Temporal and Spatial Variations in Transcriptional Patterns among Closely Related Marine Microbial Taxa

Irina N Shilova1, Julie Robidart2, Edward DeLong3 and Jonathan P Zehr1, (1)University of California Santa Cruz, Ocean Sciences, Santa Cruz, CA, United States, (2)National Oceanographic Centre, Southampton, United Kingdom, (3)University of Hawaiʻi at Mānoa, Department of Oceanography, School of Ocean and Earth Science and Technology, Honolulu, HI, United States
Abstract:
Marine microbial communities are complex, and even closely related marine microbial populations are genetically and physiologically diverse.
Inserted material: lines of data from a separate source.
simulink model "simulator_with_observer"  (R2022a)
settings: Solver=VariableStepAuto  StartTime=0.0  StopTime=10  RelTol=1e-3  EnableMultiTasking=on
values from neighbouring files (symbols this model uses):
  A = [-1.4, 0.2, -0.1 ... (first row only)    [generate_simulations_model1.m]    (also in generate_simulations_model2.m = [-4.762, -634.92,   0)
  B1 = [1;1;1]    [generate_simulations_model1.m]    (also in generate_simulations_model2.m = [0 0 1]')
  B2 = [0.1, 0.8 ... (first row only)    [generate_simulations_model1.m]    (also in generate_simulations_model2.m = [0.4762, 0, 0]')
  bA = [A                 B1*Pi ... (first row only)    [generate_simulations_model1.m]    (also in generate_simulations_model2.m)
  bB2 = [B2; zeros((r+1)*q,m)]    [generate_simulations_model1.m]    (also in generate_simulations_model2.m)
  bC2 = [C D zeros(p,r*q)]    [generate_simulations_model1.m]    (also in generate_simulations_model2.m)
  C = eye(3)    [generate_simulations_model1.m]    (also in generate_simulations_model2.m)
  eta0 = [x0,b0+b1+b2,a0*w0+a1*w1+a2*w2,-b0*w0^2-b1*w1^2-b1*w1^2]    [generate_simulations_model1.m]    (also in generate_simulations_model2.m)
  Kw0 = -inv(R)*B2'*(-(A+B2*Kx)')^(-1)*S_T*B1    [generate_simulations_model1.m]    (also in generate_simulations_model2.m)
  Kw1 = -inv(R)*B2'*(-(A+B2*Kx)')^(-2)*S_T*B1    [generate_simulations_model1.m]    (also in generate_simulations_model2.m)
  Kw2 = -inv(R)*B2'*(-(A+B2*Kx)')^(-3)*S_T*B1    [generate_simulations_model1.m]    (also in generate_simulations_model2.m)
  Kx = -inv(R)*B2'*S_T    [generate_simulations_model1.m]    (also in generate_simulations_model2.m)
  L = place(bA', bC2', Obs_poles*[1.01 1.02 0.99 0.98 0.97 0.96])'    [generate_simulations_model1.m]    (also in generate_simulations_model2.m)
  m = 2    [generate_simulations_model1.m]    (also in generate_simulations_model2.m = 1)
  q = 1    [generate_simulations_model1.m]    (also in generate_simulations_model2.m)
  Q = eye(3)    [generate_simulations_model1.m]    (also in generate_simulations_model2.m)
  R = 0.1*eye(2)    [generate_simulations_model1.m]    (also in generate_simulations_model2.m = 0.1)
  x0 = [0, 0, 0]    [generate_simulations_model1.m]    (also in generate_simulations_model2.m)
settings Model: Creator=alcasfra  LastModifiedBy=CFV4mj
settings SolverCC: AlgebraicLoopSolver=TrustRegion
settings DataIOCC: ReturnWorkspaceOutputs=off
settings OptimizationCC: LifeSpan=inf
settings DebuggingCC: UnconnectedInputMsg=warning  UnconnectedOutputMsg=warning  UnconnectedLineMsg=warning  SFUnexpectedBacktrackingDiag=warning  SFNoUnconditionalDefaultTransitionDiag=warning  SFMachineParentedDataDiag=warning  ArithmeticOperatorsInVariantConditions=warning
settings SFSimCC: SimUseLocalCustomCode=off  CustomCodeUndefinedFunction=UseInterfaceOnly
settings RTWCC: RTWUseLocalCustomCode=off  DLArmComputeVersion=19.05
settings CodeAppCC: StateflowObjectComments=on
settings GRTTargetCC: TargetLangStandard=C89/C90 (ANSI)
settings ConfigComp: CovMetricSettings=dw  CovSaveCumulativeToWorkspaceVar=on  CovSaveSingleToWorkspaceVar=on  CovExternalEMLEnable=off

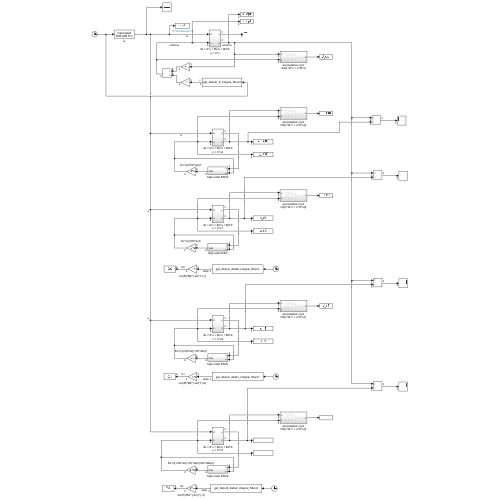
[thumbnail: Simulink's stored preview of the top-level diagram]
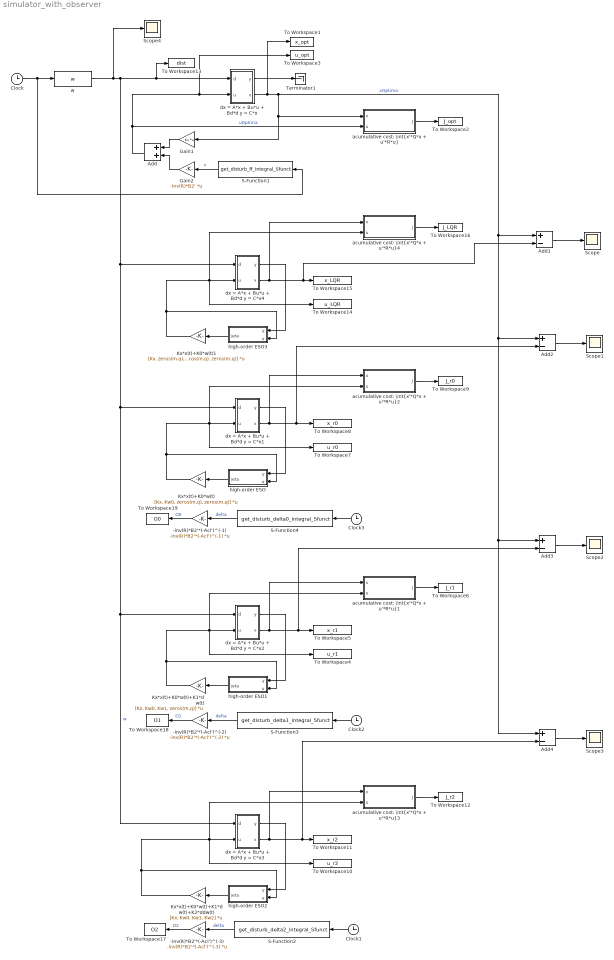
== system simulator_with_observer ==
  -inv(R)*B2'*(-Acl')^(-1) : Gain  Gain=-inv(R)*B2'*(-Acl')^(-1)  Multiplication=Matrix(K*u)
  -inv(R)*B2'*(-Acl')^(-2) : Gain  Gain=-inv(R)*B2'*(-Acl')^(-2)  Multiplication=Matrix(K*u)
  -inv(R)*B2'*(-Acl')^(-3) : Gain  Gain=-inv(R)*B2'*(-Acl')^(-3)  Multiplication=Matrix(K*u)
  Add : Sum
  Add{1..4} (4 alike) : Sum  Inputs=+-
  Clock{,1..3} (4 alike) : Clock
  Gain1 : Gain  Gain=Kx  Multiplication=Matrix(K*u)
  Gain2 : Gain  Gain=-inv(R)*B2'  Multiplication=Matrix(K*u)
  Kx*x(t)+K0*w(t) : Gain  Gain=[Kx, Kw0, zeros(m,q), zeros(m,q)]  Multiplication=Matrix(K*u)
  Kx*x(t)+K0*w(t)+K1*dw(t) : Gain  Gain=[Kx, Kw0, Kw1, zeros(m,q)]  Multiplication=Matrix(K*u)
  Kx*x(t)+K0*w(t)+K1*dw(t)+K2*ddw(t) : Gain  Gain=[Kx, Kw0, Kw1, Kw2]  Multiplication=Matrix(K*u)
  Kx*x(t)+K0*w(t)1 : Gain  Gain=[Kx, zeros(m,q), zeros(m,q), zeros(m,q)]  Multiplication=Matrix(K*u)
  S-Function1 : S-Function  FunctionName=get_disturb_ff_integral_Sfunct  Parameters=Acl, S_T, B1, h, delta  SFunctionDeploymentMode=off  EnableBusSupport=off
  S-Function2 : S-Function  FunctionName=get_disturb_delta2_integral_Sfunct  Parameters=Acl, S_T, B1, h, delta  SFunctionDeploymentMode=off  EnableBusSupport=off
  S-Function3 : S-Function  FunctionName=get_disturb_delta1_integral_Sfunct  Parameters=Acl, S_T, B1, h, delta  SFunctionDeploymentMode=off  EnableBusSupport=off
  S-Function4 : S-Function  FunctionName=get_disturb_delta0_integral_Sfunct  Parameters=Acl, S_T, B1, h, delta  SFunctionDeploymentMode=off  EnableBusSupport=off
  Scope{,1..4} (5 alike) : Scope
  Terminator1 : Terminator
  To Workspace1 : ToWorkspace  VariableName=x_opt  SaveFormat=Structure With Time  SampleTime=-1
  To Workspace10 : ToWorkspace  VariableName=u_r2  SaveFormat=Structure With Time  SampleTime=-1
  To Workspace11 : ToWorkspace  VariableName=x_r2  SaveFormat=Structure With Time  SampleTime=-1
  To Workspace12 : ToWorkspace  VariableName=J_r2  SaveFormat=Structure With Time  SampleTime=-1
  To Workspace13 : ToWorkspace  VariableName=dist  SaveFormat=Structure With Time  SampleTime=-1
  To Workspace14 : ToWorkspace  VariableName=u_LQR  SaveFormat=Structure With Time  SampleTime=-1
  To Workspace15 : ToWorkspace  VariableName=x_LQR  SaveFormat=Structure With Time  SampleTime=-1
  To Workspace16 : ToWorkspace  VariableName=J_LQR  SaveFormat=Structure With Time  SampleTime=-1
  To Workspace17 : ToWorkspace  VariableName=O2  SaveFormat=Structure With Time  SampleTime=-1
  To Workspace18 : ToWorkspace  VariableName=O1  SaveFormat=Structure With Time  SampleTime=-1
  To Workspace19 : ToWorkspace  VariableName=O0  SaveFormat=Structure With Time  SampleTime=-1
  To Workspace2 : ToWorkspace  VariableName=J_opt  SaveFormat=Structure With Time  SampleTime=-1
  To Workspace3 : ToWorkspace  VariableName=u_opt  SaveFormat=Structure With Time  SampleTime=-1
  To Workspace4 : ToWorkspace  VariableName=u_r1  SaveFormat=Structure With Time  SampleTime=-1
  To Workspace5 : ToWorkspace  VariableName=x_r1  SaveFormat=Structure With Time  SampleTime=-1
  To Workspace6 : ToWorkspace  VariableName=J_r1  SaveFormat=Structure With Time  SampleTime=-1
  To Workspace7 : ToWorkspace  VariableName=u_r0  SaveFormat=Structure With Time  SampleTime=-1
  To Workspace8 : ToWorkspace  VariableName=x_r0  SaveFormat=Structure With Time  SampleTime=-1
  To Workspace9 : ToWorkspace  VariableName=J_r0  SaveFormat=Structure With Time  SampleTime=-1
  "acumulative cost: \\int{x'*Q*x + u'*R*u}" : Subsystem
  "acumulative cost: \\int{x'*Q*x + u'*R*u}1" : Subsystem
  "acumulative cost: \\int{x'*Q*x + u'*R*u}2" : Subsystem
  "acumulative cost: \\int{x'*Q*x + u'*R*u}3" : Subsystem
  "acumulative cost: \\int{x'*Q*x + u'*R*u}4" : Subsystem
  dx = A*x + Bu*u + Bd*d y = C*x : Subsystem
  dx = A*x + Bu*u + Bd*d y = C*x1 : Subsystem
  dx = A*x + Bu*u + Bd*d y = C*x2 : Subsystem
  dx = A*x + Bu*u + Bd*d y = C*x3 : Subsystem
  dx = A*x + Bu*u + Bd*d y = C*x4 : Subsystem
  high-order ESO : Subsystem
  high-order ESO1 : Subsystem
  high-order ESO2 : Subsystem
  high-order ESO3 : Subsystem
  w : MATLABFcn  MATLABFcn=w
  wires:
  Add/1 -> "acumulative cost: \\int{x'*Q*x + u'*R*u}"/2(u), To Workspace3/1, dx = A*x + Bu*u + Bd*d y = C*x/2(u)  "uOptima"
  dx = A*x + Bu*u + Bd*d y = C*x/2(x) -> To Workspace1/1, Add4/1, Add3/1, Add2/1, Add1/1, Gain1/1, "acumulative cost: \\int{x'*Q*x + u'*R*u}"/1(x)  "xOptimo"
  Gain1/1 -> Add/1
  dx = A*x + Bu*u + Bd*d y = C*x/1(y) -> Terminator1/1
  "acumulative cost: \\int{x'*Q*x + u'*R*u}"/1(J) -> To Workspace2/1
  S-Function1/1 -> Gain2/1  "v"
  Gain2/1 -> Add/2
  dx = A*x + Bu*u + Bd*d y = C*x1/1(y) -> high-order ESO/1(y)
  high-order ESO/1(\eta) -> Kx*x(t)+K0*w(t)/1
  Kx*x(t)+K0*w(t)/1 -> high-order ESO/2(u), To Workspace7/1, "acumulative cost: \\int{x'*Q*x + u'*R*u}2"/2(u), dx = A*x + Bu*u + Bd*d y = C*x1/2(u)
  "acumulative cost: \\int{x'*Q*x + u'*R*u}2"/1(J) -> To Workspace9/1
  dx = A*x + Bu*u + Bd*d y = C*x1/2(x) -> Add2/2, To Workspace8/1, "acumulative cost: \\int{x'*Q*x + u'*R*u}2"/1(x)
  dx = A*x + Bu*u + Bd*d y = C*x2/2(x) -> Add3/2, To Workspace5/1, "acumulative cost: \\int{x'*Q*x + u'*R*u}1"/1(x)
  "acumulative cost: \\int{x'*Q*x + u'*R*u}1"/1(J) -> To Workspace6/1
  Kx*x(t)+K0*w(t)+K1*dw(t)/1 -> high-order ESO1/2(u), To Workspace4/1, "acumulative cost: \\int{x'*Q*x + u'*R*u}1"/2(u), dx = A*x + Bu*u + Bd*d y = C*x2/2(u)
  dx = A*x + Bu*u + Bd*d y = C*x2/1(y) -> high-order ESO1/1(y)
  dx = A*x + Bu*u + Bd*d y = C*x3/1(y) -> high-order ESO2/1(y)
  "acumulative cost: \\int{x'*Q*x + u'*R*u}3"/1(J) -> To Workspace12/1
  Clock/1 -> S-Function1/1, w/1
  Kx*x(t)+K0*w(t)1/1 -> high-order ESO3/2(u), To Workspace14/1, "acumulative cost: \\int{x'*Q*x + u'*R*u}4"/2(u), dx = A*x + Bu*u + Bd*d y = C*x4/2(u)
  "acumulative cost: \\int{x'*Q*x + u'*R*u}4"/1(J) -> To Workspace16/1
  dx = A*x + Bu*u + Bd*d y = C*x4/1(y) -> high-order ESO3/1(y)
  w/1 -> Scope4/1, dx = A*x + Bu*u + Bd*d y = C*x3/1(d), dx = A*x + Bu*u + Bd*d y = C*x2/1(d), dx = A*x + Bu*u + Bd*d y = C*x1/1(d), dx = A*x + Bu*u + Bd*d y = C*x4/1(d), To Workspace13/1, dx = A*x + Bu*u + Bd*d y = C*x/1(d)  "w"
  high-order ESO3/1(\eta) -> Kx*x(t)+K0*w(t)1/1
  dx = A*x + Bu*u + Bd*d y = C*x4/2(x) -> Add1/2, To Workspace15/1, "acumulative cost: \\int{x'*Q*x + u'*R*u}4"/1(x)
  dx = A*x + Bu*u + Bd*d y = C*x3/2(x) -> Add4/2, To Workspace11/1, "acumulative cost: \\int{x'*Q*x + u'*R*u}3"/1(x)
  high-order ESO2/1(\eta) -> Kx*x(t)+K0*w(t)+K1*dw(t)+K2*ddw(t)/1
  high-order ESO1/1(\eta) -> Kx*x(t)+K0*w(t)+K1*dw(t)/1
  Clock1/1 -> S-Function2/1
  S-Function2/1 -> -inv(R)*B2'*(-Acl')^(-3)/1  "delta"
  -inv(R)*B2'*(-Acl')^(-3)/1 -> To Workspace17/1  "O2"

Despite such great diversity, conserved and highly synchronized rhythmic transcriptional patterns have been observed in microbial communities worldwide. The current widely used approaches analyzing high-throughput sequence data from microbiomes are not designed to differentiate transcription at strain or ecotype level. We used a novel MicroArray-inspired Gene-Centric (MAGC) bioinformatics approach to discern daily transcription by individual strains in previously analyzed metatranscriptomes from two oceanic regions, California Current System and central North Pacific. The results demonstrated that marine microbial taxa (within cyanobacteria Prochlorococcus and Synechococcus, Alphaproteobacterium Pelagibacter and picoeukaryote Ostreococcus) have unique transcription patterns and respond differentially to variability in space and time in the ocean. For example, the timing of maximum transcription for the photosynthesis and pigments genes varied among Synechococcus strains in the California Current study, likely for optimizing light utilization based on their differences in genetics and physiology. While several Prochlorococcus genotypes were present in the North Pacific study, transcription of the phosphate transporter gene, pstS, in specific genotypes was negatively correlated with phosphate concentrations. These individual transcriptional patterns underlie whole microbial community responses and may be sensitive indicators of environmental conditions, including those associated with long-term environmental change. The MAGC applied here to ocean ecosystems is a promising complementary approach that can enhance the ability to analyze metatranscriptomic data from a variety of environmental microbiomes.